Introduction
Hazardous materials can be classified as chemical, radiological, or biological agents that can cause human illness when contacted. The basic physical and chemical properties of a hazardous material determine the manner in which victims/patients are exposed, the degree of morbidity and mortality associated with a given “hazmat” event, the type of decontamination necessary, and the type of personal protective equipment (PPE) required in the response.
Each hazardous material has a unique set of chemical properties. Here we will discuss the chemical properties of a hazardous material that can be used to place it into a group allowing assessment of the potential for contamination, the extent of exposure, the decontamination process, and type of PPE required.
Types of contamination
In order to understand the effect of chemical properties on hazardous materials response, we must first differentiate between exposure and contamination and discuss the types of contamination that can occur.
When an object or individual is exposed to or comes into contact with a hazardous material, that object or individual may or may not become contaminated with the substance. Contamination occurs when the hazardous substance is physically transferred from the source to an object or individual.
Primary contamination occurs when an object or individual comes into direct contact with a hazardous material in such a manner that the material is transferred from the source and is physically on the object or individual. This type of contamination is most common in victims at the hazmat site, as well as first responders including police, fire, and EMS personnel [6].
Secondary contamination occurs when an object or individual comes into contact with a contaminated object. The hazardous material on the object may then be transferred to the clean object or individual, resulting in secondary contamination. Secondary contamination is the most common manner in which health care workers, such as emergency department staff receiving patients from the field, become contaminated after the release of a hazardous material [6,7].
Both primary and secondary contamination may occur in an overt or covert manner.
Overt exposure occurs when something is obviously contaminated or exposure is known. Overt exposures may become obvious when a material causes rapid onset of symptoms, or the material is a large liquid or solid that can easily be identified. Both of the examples above (the release of sarin and the child with muddy hands) illustrate overt exposures. The release of sarin “gas” (actually a liquid vapor) may be too small to detect visually but the rapid onset of symptoms allows for early identification of contamination. The dirt on the child’s hands illustrates a material that can be visually identified despite the distance in both time and space from the scene.
Covert exposure occurs when an object or individual does not have obvious contamination or does not immediately know that he or she has been contaminated.

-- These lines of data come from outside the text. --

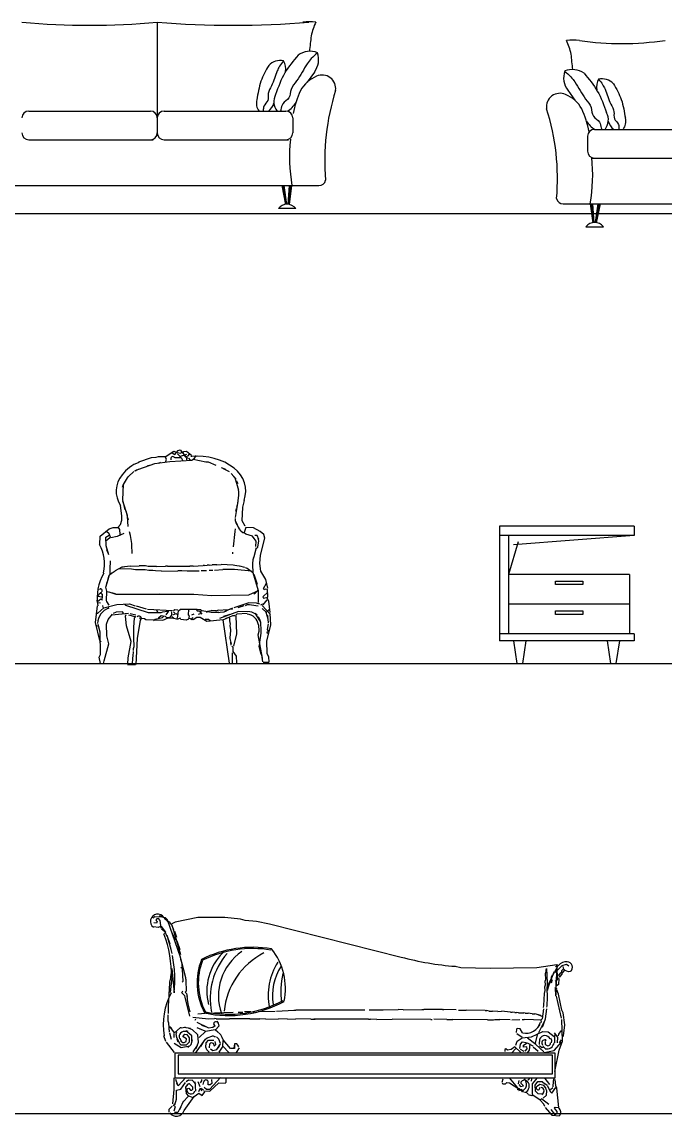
# Model space of a CAD drawing. Header units: inches. Extents: x 11 to 53.5, y 7.4 to 32.2.
# Drawn here: x 47.154 to 49.964, y 14.179 to 18.962 of the extents above; entities that cross this region are included whole.
import ezdxf

# ---------------------------------------------------------------- set-up
doc = ezdxf.new("R2010")
doc.units = ezdxf.units.IN
doc.header["$MEASUREMENT"] = 0
doc.layers.add('02', color=2, linetype='Continuous')
doc.layers.add('1', color=1, linetype='Continuous')

msp = doc.modelspace()

# ---------------------------------------------------------------- linework, layer by layer
at = {"layer": '02'}
for p, q in [((47.7454, 18.961), (47.7458, 18.4769)), ((48.4323, 18.7431), (48.4011, 18.6993)), ((49.5393, 18.6633), (49.5705, 18.6195)), ((47.1842, 18.5722), (47.7158, 18.5722)), ((47.7758, 18.5722), (48.3075, 18.5722)), ((48.3375, 18.5422), (48.3375, 18.4769)), ((49.6554, 18.4923), (50.2499, 18.4923)), ((47.1842, 18.4469), (47.7273, 18.4469)), ((47.7758, 18.4469), (48.319, 18.4469)), ((49.6254, 18.4623), (49.6254, 18.397)), ((49.6439, 18.367), (50.2614, 18.367)), ((46.4567, 18.2469), (48.4521, 18.2469)), ((48.2895, 18.2469), (48.3057, 18.1638)), ((48.2938, 18.2469), (48.3074, 18.164)), ((48.299, 18.2469), (48.3107, 18.1644)), ((48.3224, 18.2469), (48.3161, 18.1644)), ((48.3272, 18.2469), (48.3184, 18.1641)), ((48.3322, 18.2469), (48.3216, 18.1636)), ((48.3512, 18.1469), (48.275, 18.1469)), ((49.5195, 18.167), (50.3858, 18.167)), ((49.6375, 18.167), (49.648, 18.0838)), ((49.6425, 18.167), (49.6512, 18.0843)), ((49.6473, 18.167), (49.6536, 18.0845)), ((49.6707, 18.167), (49.659, 18.0846)), ((49.6758, 18.167), (49.6623, 18.0842)), ((49.6802, 18.167), (49.6639, 18.0839)), ((49.6184, 18.067), (49.6946, 18.067)), ((47.7808, 17.0605), (47.8186, 17.0854)), ((47.8106, 17.0777), (47.8223, 17.0716)), ((47.8186, 17.0854), (47.8283, 17.0813)), ((47.8223, 17.0716), (47.8363, 17.0891)), ((47.8322, 17.0793), (47.8479, 17.0771)), ((47.8363, 17.0891), (47.8462, 17.0909)), ((47.8462, 17.0909), (47.8693, 17.0629)), ((47.8479, 17.0771), (47.8539, 17.0829)), ((47.8598, 17.0828), (47.8577, 17.0769)), ((47.8736, 17.0845), (47.8598, 17.0828)), ((47.8949, 17.0664), (47.8736, 17.0845)), ((47.6644, 17.039), (47.7198, 17.0577)), ((47.6658, 17.0075), (47.7351, 17.0319)), ((47.7198, 17.0577), (47.7414, 17.0593)), ((47.7351, 17.0319), (47.8001, 17.0406)), ((47.7414, 17.0593), (47.7513, 17.063)), ((47.7508, 17.0335), (47.7607, 17.0373)), ((47.7513, 17.063), (47.7808, 17.0625)), ((47.7865, 17.0506), (47.7808, 17.0605)), ((47.7824, 17.0409), (47.7865, 17.0506)), ((47.8001, 17.0406), (47.8965, 17.0467)), ((47.824, 17.0578), (47.8476, 17.0574)), ((47.8534, 17.0534), (47.8341, 17.0734)), ((47.8477, 17.0633), (47.8754, 17.0727)), ((47.8572, 17.0455), (47.8534, 17.0534)), ((47.8731, 17.057), (47.8635, 17.067)), ((47.8693, 17.0629), (47.8811, 17.0647)), ((47.873, 17.053), (47.8729, 17.0471)), ((47.879, 17.0569), (47.873, 17.053)), ((47.8811, 17.0647), (47.8871, 17.0725)), ((47.8906, 17.0468), (47.8829, 17.0548)), ((47.8948, 17.0605), (47.8949, 17.0664)), ((47.8965, 17.0467), (47.9085, 17.0544)), ((47.9573, 17.0378), (47.9025, 17.0486)), ((47.9085, 17.0544), (47.9165, 17.066)), ((47.9691, 17.0376), (47.9573, 17.0378)), ((48.0023, 17.0233), (47.9691, 17.0376)), ((47.62, 16.9749), (47.644, 16.9961)), ((47.648, 17), (47.6638, 17.0075)), ((47.65, 16.9999), (47.6579, 17.0057)), ((47.7034, 17.0226), (47.7113, 17.0244)), ((48.0452, 17.0048), (48.0257, 17.013)), ((48.0608, 16.9947), (48.0355, 17.0089)), ((48.0801, 16.9747), (48.0685, 16.9887)), ((47.5937, 16.9282), (47.5978, 16.9418)), ((47.5947, 16.8731), (47.5978, 16.9399)), ((47.5978, 16.9399), (47.616, 16.9691)), ((47.616, 16.9691), (47.62, 16.9749)), ((48.0897, 16.9628), (48.0801, 16.9747)), ((48.1026, 16.9134), (48.0859, 16.9687)), ((48.0992, 16.9429), (48.0935, 16.9548)), ((48.0977, 16.8584), (48.1022, 16.8918)), ((48.1025, 16.9075), (48.1007, 16.9173)), ((48.1022, 16.8918), (48.1024, 16.8996)), ((48.1024, 16.8996), (48.1025, 16.9075)), ((47.5915, 16.8024), (47.5844, 16.8477)), ((47.6151, 16.8039), (47.5946, 16.8672)), ((47.6057, 16.8296), (47.5947, 16.8731)), ((48.0868, 16.7957), (48.0998, 16.8662)), ((48.0935, 16.8408), (48.0956, 16.8525)), ((48.116, 16.7814), (48.119, 16.8403)), ((48.119, 16.8403), (48.1274, 16.8697)), ((47.5911, 16.7847), (47.5915, 16.8024)), ((47.615, 16.802), (47.6095, 16.8237)), ((47.6182, 16.7567), (47.615, 16.802)), ((47.6206, 16.7842), (47.6169, 16.7941)), ((48.0867, 16.7918), (48.0865, 16.7819)), ((48.0892, 16.8232), (48.0914, 16.8349)), ((47.4955, 16.7136), (47.5354, 16.7463)), ((47.5354, 16.7463), (47.5532, 16.7519)), ((47.5532, 16.7519), (47.5729, 16.7516)), ((47.5729, 16.7516), (47.5849, 16.7651)), ((47.5826, 16.7435), (47.5768, 16.7515)), ((47.5842, 16.7219), (47.5826, 16.7435)), ((47.5849, 16.7651), (47.5911, 16.7847)), ((48.0857, 16.7348), (48.0879, 16.7465)), ((48.0865, 16.7819), (48.1036, 16.7443)), ((48.1113, 16.7363), (48.0884, 16.774)), ((48.1294, 16.7576), (48.116, 16.7814)), ((48.1332, 16.7516), (48.125, 16.7301)), ((48.1666, 16.751), (48.1332, 16.7516)), ((48.1958, 16.7348), (48.1666, 16.751)), ((47.4949, 16.6782), (47.4955, 16.7136)), ((47.5207, 16.6935), (47.5387, 16.7089)), ((47.521, 16.7092), (47.5349, 16.7188)), ((47.5223, 16.6718), (47.521, 16.7092)), ((47.5351, 16.7247), (47.5234, 16.7347)), ((47.5426, 16.7069), (47.5351, 16.7247)), ((47.5702, 16.7123), (47.5426, 16.7069)), ((47.5999, 16.7255), (47.5702, 16.7123)), ((47.588, 16.7179), (47.5842, 16.7219)), ((47.6293, 16.7172), (47.6237, 16.733)), ((47.6346, 16.6817), (47.6293, 16.7172)), ((48.0787, 16.668), (48.0857, 16.7348)), ((48.119, 16.7283), (48.1113, 16.7363)), ((48.1249, 16.7282), (48.119, 16.7283)), ((48.1327, 16.7221), (48.1249, 16.7282)), ((48.162, 16.7138), (48.1327, 16.7221)), ((48.1697, 16.7038), (48.162, 16.7138)), ((48.1774, 16.6919), (48.1697, 16.7038)), ((48.1818, 16.7174), (48.1719, 16.7175)), ((48.1893, 16.6995), (48.1818, 16.7174)), ((48.1892, 16.6936), (48.1856, 16.7114)), ((48.2113, 16.7208), (48.1958, 16.7348)), ((48.196, 16.6306), (48.215, 16.705)), ((48.215, 16.705), (48.2113, 16.7208)), ((49.8293, 16.7171), (49.3022, 16.676)), ((47.5334, 16.6323), (47.5223, 16.6718)), ((47.5316, 16.6402), (47.526, 16.6541)), ((47.6345, 16.6758), (47.6346, 16.6817)), ((47.6358, 16.6384), (47.6345, 16.6758)), ((48.1684, 16.6252), (48.1789, 16.6643)), ((48.177, 16.6683), (48.1774, 16.6919)), ((48.1788, 16.6604), (48.1848, 16.6662)), ((48.1848, 16.6662), (48.1892, 16.6936)), ((49.3227, 16.6896), (49.2804, 16.5471)), ((47.5403, 16.5752), (47.5408, 16.6007)), ((47.5408, 16.6007), (47.5409, 16.6066)), ((48.0761, 16.6366), (48.0763, 16.6445)), ((48.1639, 16.5977), (48.1663, 16.6193)), ((48.1642, 16.6115), (48.1684, 16.6252)), ((48.1934, 16.5953), (48.196, 16.6306)), ((47.5358, 16.5438), (47.5478, 16.5534)), ((47.5399, 16.5496), (47.5403, 16.5752)), ((47.5438, 16.5515), (47.5617, 16.563)), ((47.5915, 16.5782), (47.5617, 16.563)), ((47.6326, 16.5697), (47.5776, 16.5706)), ((47.5895, 16.5783), (47.6033, 16.582)), ((47.627, 16.5835), (47.5915, 16.5782)), ((47.627, 16.5835), (47.6663, 16.5848)), ((47.6503, 16.5674), (47.6326, 16.5697)), ((47.6797, 16.5669), (47.6503, 16.5674)), ((47.6938, 16.5843), (47.6663, 16.5848)), ((47.6856, 16.5668), (47.6797, 16.5669)), ((47.6935, 16.5666), (47.6856, 16.5668)), ((47.7092, 16.5644), (47.6935, 16.5666)), ((47.7056, 16.5821), (47.6938, 16.5843)), ((47.7154, 16.582), (47.7056, 16.5821)), ((47.7269, 16.5641), (47.7092, 16.5644)), ((47.7252, 16.5818), (47.7154, 16.582)), ((47.7429, 16.5815), (47.7252, 16.5818)), ((47.7386, 16.5619), (47.7269, 16.5641)), ((47.7642, 16.5615), (47.7386, 16.5619)), ((47.7429, 16.5815), (47.7823, 16.5828)), ((47.7642, 16.5615), (47.835, 16.5622)), ((47.7901, 16.5826), (47.7823, 16.5828)), ((47.7901, 16.5826), (47.8884, 16.5829)), ((47.8468, 16.562), (47.835, 16.5622)), ((47.8527, 16.5619), (47.8468, 16.562)), ((47.8763, 16.5615), (47.8527, 16.5619)), ((47.9293, 16.5605), (47.8763, 16.5615)), ((47.9022, 16.5826), (47.8884, 16.5829)), ((47.9022, 16.5826), (47.9455, 16.5858)), ((47.9608, 16.562), (47.9372, 16.5624)), ((47.9514, 16.5857), (47.9455, 16.5858)), ((47.9514, 16.5857), (47.9632, 16.5875)), ((47.9731, 16.5873), (47.9632, 16.5875)), ((47.9884, 16.5634), (47.9726, 16.5637)), ((47.9731, 16.5873), (47.9849, 16.5891)), ((48.0065, 16.5887), (47.9849, 16.5891)), ((47.9963, 16.5653), (48.0317, 16.5686)), ((48.0065, 16.5887), (48.0242, 16.5903)), ((48.0773, 16.5874), (48.0242, 16.5903)), ((48.0376, 16.5685), (48.0317, 16.5686)), ((48.0828, 16.5677), (48.0376, 16.5685)), ((48.0851, 16.5853), (48.0773, 16.5874)), ((48.1574, 16.5605), (48.0828, 16.5677)), ((48.1125, 16.5809), (48.0851, 16.5853)), ((48.1282, 16.5767), (48.1067, 16.583)), ((48.1302, 16.5767), (48.138, 16.5746)), ((48.138, 16.5746), (48.1613, 16.5565)), ((48.1638, 16.5899), (48.1639, 16.5958)), ((48.1652, 16.5545), (48.1638, 16.5899)), ((48.1874, 16.4754), (48.1652, 16.5545)), ((48.1987, 16.5617), (48.1934, 16.5953)), ((48.2197, 16.524), (48.1987, 16.5617)), ((47.5211, 16.491), (47.5358, 16.5399)), ((47.5254, 16.5086), (47.5275, 16.5164)), ((47.5296, 16.5223), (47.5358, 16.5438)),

Covert exposure may occur when the hazardous material is associated with delayed onset of symptoms or a hazardous material is too small to see. Biological agents are commonly associated with covert exposure. As illustrated in the example below, biological agents not only are too small to see but also have an incubation period in which exposed individuals are not aware that they have been exposed.
An understanding of the types of contamination allows first responders to be aware of the potential for contamination and protect themselves and others. Only with vigilance can we control or mitigate secondary contamination. Mitigation is critical and can prevent a small incident from becoming a mass causality incident or true disaster.
General categories of hazardous materials
One common method used to group hazardous material incidents is by the category of material involved: chemical, biological, radiological, and nuclear (CBRN – note that E for Explosives is sometimes added to this acronym in the context of weapons of mass destruction). Each category has unique characteristics and requires a different approach to decontamination. Knowledge of the categories will aid in understanding the expected patient presentation and type of decontamination required.
Chemical
Exposure to a chemical hazard is generally overt; patients are immediately aware of their contamination. Most who are contaminated by chemicals will require formal decontamination. The morbidity associated with the event will depend on the physical properties of the chemical encountered.
Biological
Biological agents include bacteria, viruses, and biological toxins. Biological events are unique in that the release of biological hazards is almost always covert. Because of this, contaminated patients will likely have already performed decontamination at home without knowledge that contamination has occurred, having returned home, changed clothes, and showered as part of their normal daily routine. For most exposures this will be sufficient, and no further decontamination is necessary.
There have been instances in which exposure to a suspected biological agent has occurred in an overt fashion, such as the anthrax scare events that occurred in the wake of the 2001 anthrax attack. When exposure to a biological agent is suspected, exposed and/or contaminated individuals may be instructed to wash their hands and face in a bathroom, return home, change and wash clothes, shower, and then wash surfaces they have contacted since the time of the exposure. Biological hazmat incidents are unique in that responders must consider prophylactic treatment of the biological exposure based on the agent involved [10]. Consultation with the local or state health department should occur when considering such measures.